**EXERCISE:** Skip the pictures, please, and write out exactly the lines from the opening of the data through the line containing "Line((-10, 5), (10, 5))".

[Stored dataset items]
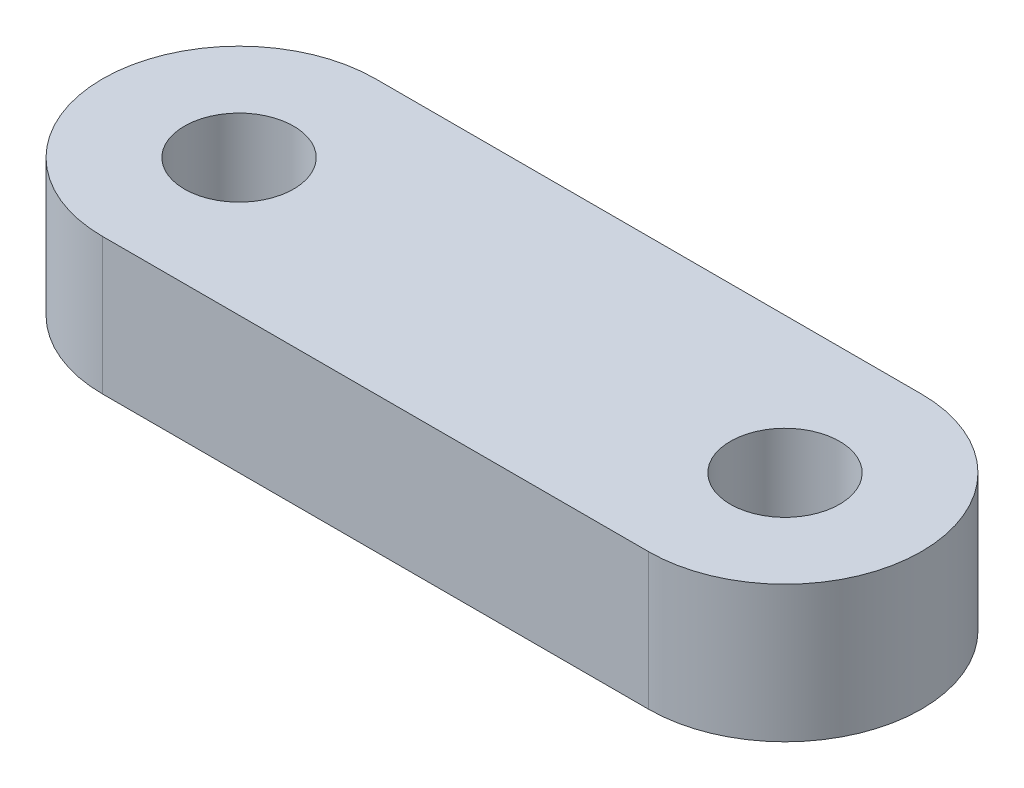
from build123d import *

# Parameters (mm, degrees)
SKETCH_1_R      = 2
EXTRUDE_1_DEPTH = 5


with BuildPart() as part:
    # 草圖1 → 填料-伸長1 (new body)
    with BuildSketch(Plane(origin=(0, 0, 0), x_dir=(1, 0, 0), z_dir=(0, 1, 0))):
        with BuildLine():
            Line((-10, 5), (10, 5))
            ThreePointArc((10, 5), (15, 0), (10, -5))
            Line((10, -5), (-10, -5))
            ThreePointArc((-10, -5), (-15, 0), (-10, 5))
        make_face()
        with Locations((-10, 0)):
            Circle(SKETCH_1_R, mode=Mode.SUBTRACT)
        with Locations((10, 0)):
            Circle(SKETCH_1_R, mode=Mode.SUBTRACT)
    extrude(amount=EXTRUDE_1_DEPTH)


solid = part.part

**ANSWER TO THIS TASK:**
from build123d import *

# Parameters (mm, degrees)
SKETCH_1_R      = 2
EXTRUDE_1_DEPTH = 5


with BuildPart() as part:
    # 草圖1 → 填料-伸長1 (new body)
    with BuildSketch(Plane(origin=(0, 0, 0), x_dir=(1, 0, 0), z_dir=(0, 1, 0))):
        with BuildLine():
            Line((-10, 5), (10, 5))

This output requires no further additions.